Tuesday, November 10, 2009

redux, minus aural distractions.

Typing with too much noise behind the screen doesn't help me.

My point is/was that many people aren't particularly engaged in their own lives, their choices. The 'normal' path provides illusion of safety in the known, but we can each and all get gobsmacked at any moment. Further, those who (over)-analyze their choices and paths can still find themselves in muddleland.

I've had opportunity to consider (from the outside) the situations of several close friends. What they thought they were getting into, what they thought 'it' would signify and entail, where they thought they were going... And where we all end up: somewhere else on the road, or on another path altogether.

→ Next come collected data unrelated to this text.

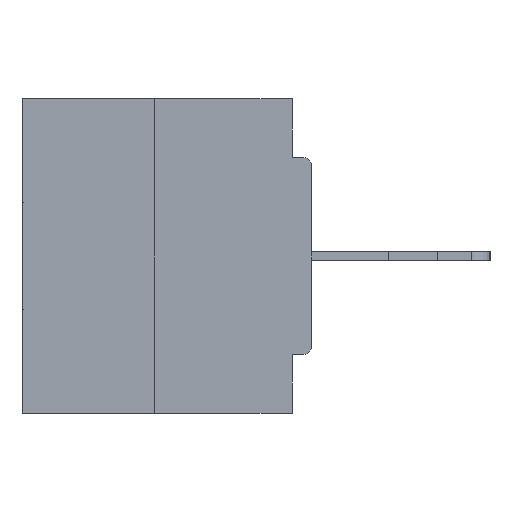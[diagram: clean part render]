
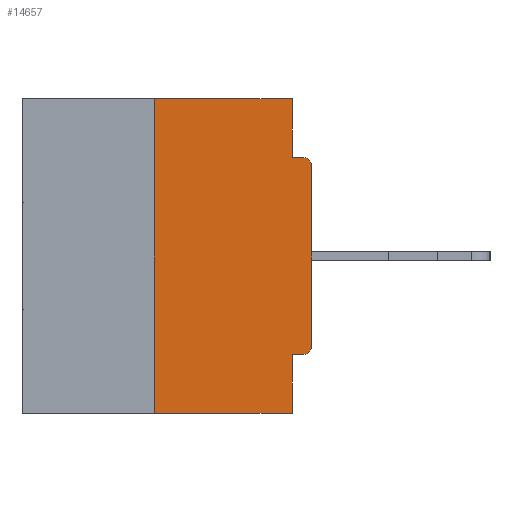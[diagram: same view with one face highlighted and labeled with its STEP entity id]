
A CAD part, left-side view. The second image highlights one B-rep face of the part: STEP entity #14657.
In plain terms, the highlighted planar face has unit normal (-1, 0, 0).
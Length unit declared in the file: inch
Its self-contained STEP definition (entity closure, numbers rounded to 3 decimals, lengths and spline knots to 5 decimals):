
#461 = EDGE_CURVE ( 'NONE', #33641, #1636, #25196, .T. ) ;
#587 = DIRECTION ( 'NONE',  ( 0., 0., -1. ) ) ;
#1361 = DIRECTION ( 'NONE',  ( 0., -1., 0. ) ) ;
#1636 = VERTEX_POINT ( 'NONE', #24985 ) ;
#1764 = DIRECTION ( 'NONE',  ( 0., 1., 0. ) ) ;
#2207 = VECTOR ( 'NONE', #14574, 39.37008 ) ;
#3066 = VECTOR ( 'NONE', #21080, 39.37008 ) ;
#3169 = PLANE ( 'NONE',  #16566 ) ;
#3279 = CARTESIAN_POINT ( 'NONE',  ( 0., 0.46, 0. ) ) ;
#3337 = VERTEX_POINT ( 'NONE', #19070 ) ;
#3394 = VECTOR ( 'NONE', #33818, 39.37008 ) ;
#4204 = EDGE_LOOP ( 'NONE', ( #28131, #22691, #4235, #26075, #7518, #21457, #30205, #25678, #20266, #29820 ) ) ;
#4235 = ORIENTED_EDGE ( 'NONE', *, *, #6447, .T. ) ;
#5543 = CARTESIAN_POINT ( 'NONE',  ( 0., 0.031, -0.0935 ) ) ;
#5788 = DIRECTION ( 'NONE',  ( 0., 0., -1. ) ) ;
#6144 = CARTESIAN_POINT ( 'NONE',  ( 0., 0.25, -0.5 ) ) ;
#6447 = EDGE_CURVE ( 'NONE', #33641, #3337, #31888, .T. ) ;
#6787 = EDGE_CURVE ( 'NONE', #9618, #30322, #13264, .T. ) ;
#7131 = VECTOR ( 'NONE', #29583, 39.37008 ) ;
#7518 = ORIENTED_EDGE ( 'NONE', *, *, #13159, .F. ) ;
#7589 = CARTESIAN_POINT ( 'NONE',  ( 0., 0.015, -0.0935 ) ) ;
#8088 = LINE ( 'NONE', #3279, #28328 ) ;
#9618 = VERTEX_POINT ( 'NONE', #15849 ) ;
#10121 = CARTESIAN_POINT ( 'NONE',  ( 0., 0., -0.1085 ) ) ;
#11072 = EDGE_CURVE ( 'NONE', #30322, #26808, #20219, .T. ) ;
#13159 = EDGE_CURVE ( 'NONE', #15327, #23235, #23351, .T. ) ;
#13264 = LINE ( 'NONE', #30324, #7131 ) ;
#13785 = CARTESIAN_POINT ( 'NONE',  ( 0., 0.031, -0.4065 ) ) ;
#13911 = VECTOR ( 'NONE', #1361, 39.37008 ) ;
#13934 = CIRCLE ( 'NONE', #31636, 0.015 ) ;
#14363 = CARTESIAN_POINT ( 'NONE',  ( 0., 0.015, -0.1085 ) ) ;
#14396 = CARTESIAN_POINT ( 'NONE',  ( 0., 0., -0.0935 ) ) ;
#14574 = DIRECTION ( 'NONE',  ( 0., 0., -1. ) ) ;
#14657 = ADVANCED_FACE ( 'NONE', ( #29170 ), #3169, .F. ) ;
#14691 = EDGE_CURVE ( 'NONE', #1636, #32730, #8088, .T. ) ;
#15327 = VERTEX_POINT ( 'NONE', #32473 ) ;
#15849 = CARTESIAN_POINT ( 'NONE',  ( 0., 0., -0.3915 ) ) ;
#16119 = LINE ( 'NONE', #25120, #2207 ) ;
#16274 = DIRECTION ( 'NONE',  ( -1., 0., 0. ) ) ;
#16509 = CARTESIAN_POINT ( 'NONE',  ( 0., 0.46, -0.5 ) ) ;
#16566 = AXIS2_PLACEMENT_3D ( 'NONE', #29427, #21482, #5788 ) ;
#17018 = DIRECTION ( 'NONE',  ( 0., 0., -1. ) ) ;
#17458 = CARTESIAN_POINT ( 'NONE',  ( 0., 0., -0.4065 ) ) ;
#19070 = CARTESIAN_POINT ( 'NONE',  ( 0., 0.031, -0.5 ) ) ;
#19791 = EDGE_CURVE ( 'NONE', #21859, #26808, #28837, .T. ) ;
#19880 = LINE ( 'NONE', #20320, #33938 ) ;
#20219 = CIRCLE ( 'NONE', #29741, 0.015 ) ;
#20266 = ORIENTED_EDGE ( 'NONE', *, *, #19791, .F. ) ;
#20320 = CARTESIAN_POINT ( 'NONE',  ( 0., 0.031, -0.5 ) ) ;
#20627 = CARTESIAN_POINT ( 'NONE',  ( 0., 0.25, 0. ) ) ;
#21080 = DIRECTION ( 'NONE',  ( 0., -1., 0. ) ) ;
#21457 = ORIENTED_EDGE ( 'NONE', *, *, #32363, .T. ) ;
#21482 = DIRECTION ( 'NONE',  ( 1., 0., 0. ) ) ;
#21859 = VERTEX_POINT ( 'NONE', #5543 ) ;
#22292 = EDGE_CURVE ( 'NONE', #23235, #3337, #19880, .T. ) ;
#22691 = ORIENTED_EDGE ( 'NONE', *, *, #461, .F. ) ;
#23235 = VERTEX_POINT ( 'NONE', #13785 ) ;
#23351 = LINE ( 'NONE', #17458, #29611 ) ;
#24985 = CARTESIAN_POINT ( 'NONE',  ( 0., 0.25, 0. ) ) ;
#25120 = CARTESIAN_POINT ( 'NONE',  ( 0., 0.031, 0. ) ) ;
#25196 = LINE ( 'NONE', #20627, #3394 ) ;
#25678 = ORIENTED_EDGE ( 'NONE', *, *, #11072, .T. ) ;
#26075 = ORIENTED_EDGE ( 'NONE', *, *, #22292, .F. ) ;
#26808 = VERTEX_POINT ( 'NONE', #7589 ) ;
#28131 = ORIENTED_EDGE ( 'NONE', *, *, #14691, .F. ) ;
#28328 = VECTOR ( 'NONE', #32143, 39.37008 ) ;
#28837 = LINE ( 'NONE', #14396, #13911 ) ;
#29170 = FACE_OUTER_BOUND ( 'NONE', #4204, .T. ) ;
#29427 = CARTESIAN_POINT ( 'NONE',  ( 0., 0.46, 0. ) ) ;
#29583 = DIRECTION ( 'NONE',  ( 0., 0., 1. ) ) ;
#29611 = VECTOR ( 'NONE', #1764, 39.37008 ) ;
#29741 = AXIS2_PLACEMENT_3D ( 'NONE', #14363, #32867, #17018 ) ;
#29820 = ORIENTED_EDGE ( 'NONE', *, *, #30155, .F. ) ;
#30155 = EDGE_CURVE ( 'NONE', #32730, #21859, #16119, .T. ) ;
#30205 = ORIENTED_EDGE ( 'NONE', *, *, #6787, .T. ) ;
#30322 = VERTEX_POINT ( 'NONE', #10121 ) ;
#30324 = CARTESIAN_POINT ( 'NONE',  ( 0., 0., 0. ) ) ;
#31545 = CARTESIAN_POINT ( 'NONE',  ( 0., 0.031, 0. ) ) ;
#31636 = AXIS2_PLACEMENT_3D ( 'NONE', #32112, #16274, #587 ) ;
#31888 = LINE ( 'NONE', #16509, #3066 ) ;
#32112 = CARTESIAN_POINT ( 'NONE',  ( 0., 0.015, -0.3915 ) ) ;
#32143 = DIRECTION ( 'NONE',  ( 0., -1., 0. ) ) ;
#32363 = EDGE_CURVE ( 'NONE', #15327, #9618, #13934, .T. ) ;
#32473 = CARTESIAN_POINT ( 'NONE',  ( 0., 0.015, -0.4065 ) ) ;
#32730 = VERTEX_POINT ( 'NONE', #31545 ) ;
#32867 = DIRECTION ( 'NONE',  ( -1., 0., 0. ) ) ;
#33633 = DIRECTION ( 'NONE',  ( 0., 0., -1. ) ) ;
#33641 = VERTEX_POINT ( 'NONE', #6144 ) ;
#33818 = DIRECTION ( 'NONE',  ( 0., 0., 1. ) ) ;
#33938 = VECTOR ( 'NONE', #33633, 39.37008 ) ;

Cognizance isn't limited to mental acuity, I'd suggest. Knowing AND doing something about...that's the challenge and the rub. ('I know I have a drinking problem' is step one--and it buys lots and lots of temporizing time.)

Anniversary season: been a great twenty years for me. Fall of Berlin Wall, Nov. 89, I was on road w/ a couple buddies, living on tequila and warm Bud Lite. Bad things happening--though it was the terminal leg of my debaucherous self-negation. Somewhere in Colorado, we'd drunk ourselves stupid and ugly, again, and one guy had awoken to the relentless sun cranking through large windows and thin air. On t.v. he'd watched the footage of the rabble at the Wall. When the rest of us staggered from the dung heap of sodden sheets and sweatshirts, he told us there'd been a jet crash in the Pacific. The survivors had gone looney, become cannibals, and then were fighting off would-be rescuers using the femurs of their departed & eaten cohort.

That image is excellent and has remained entwined with the actual Berlin Wall footage: crazed, tattered crash survivors wielding meaty femurs like cudgels from atop a heap of jet wreckage and human remains. It took us most of the day to realize he was making it up.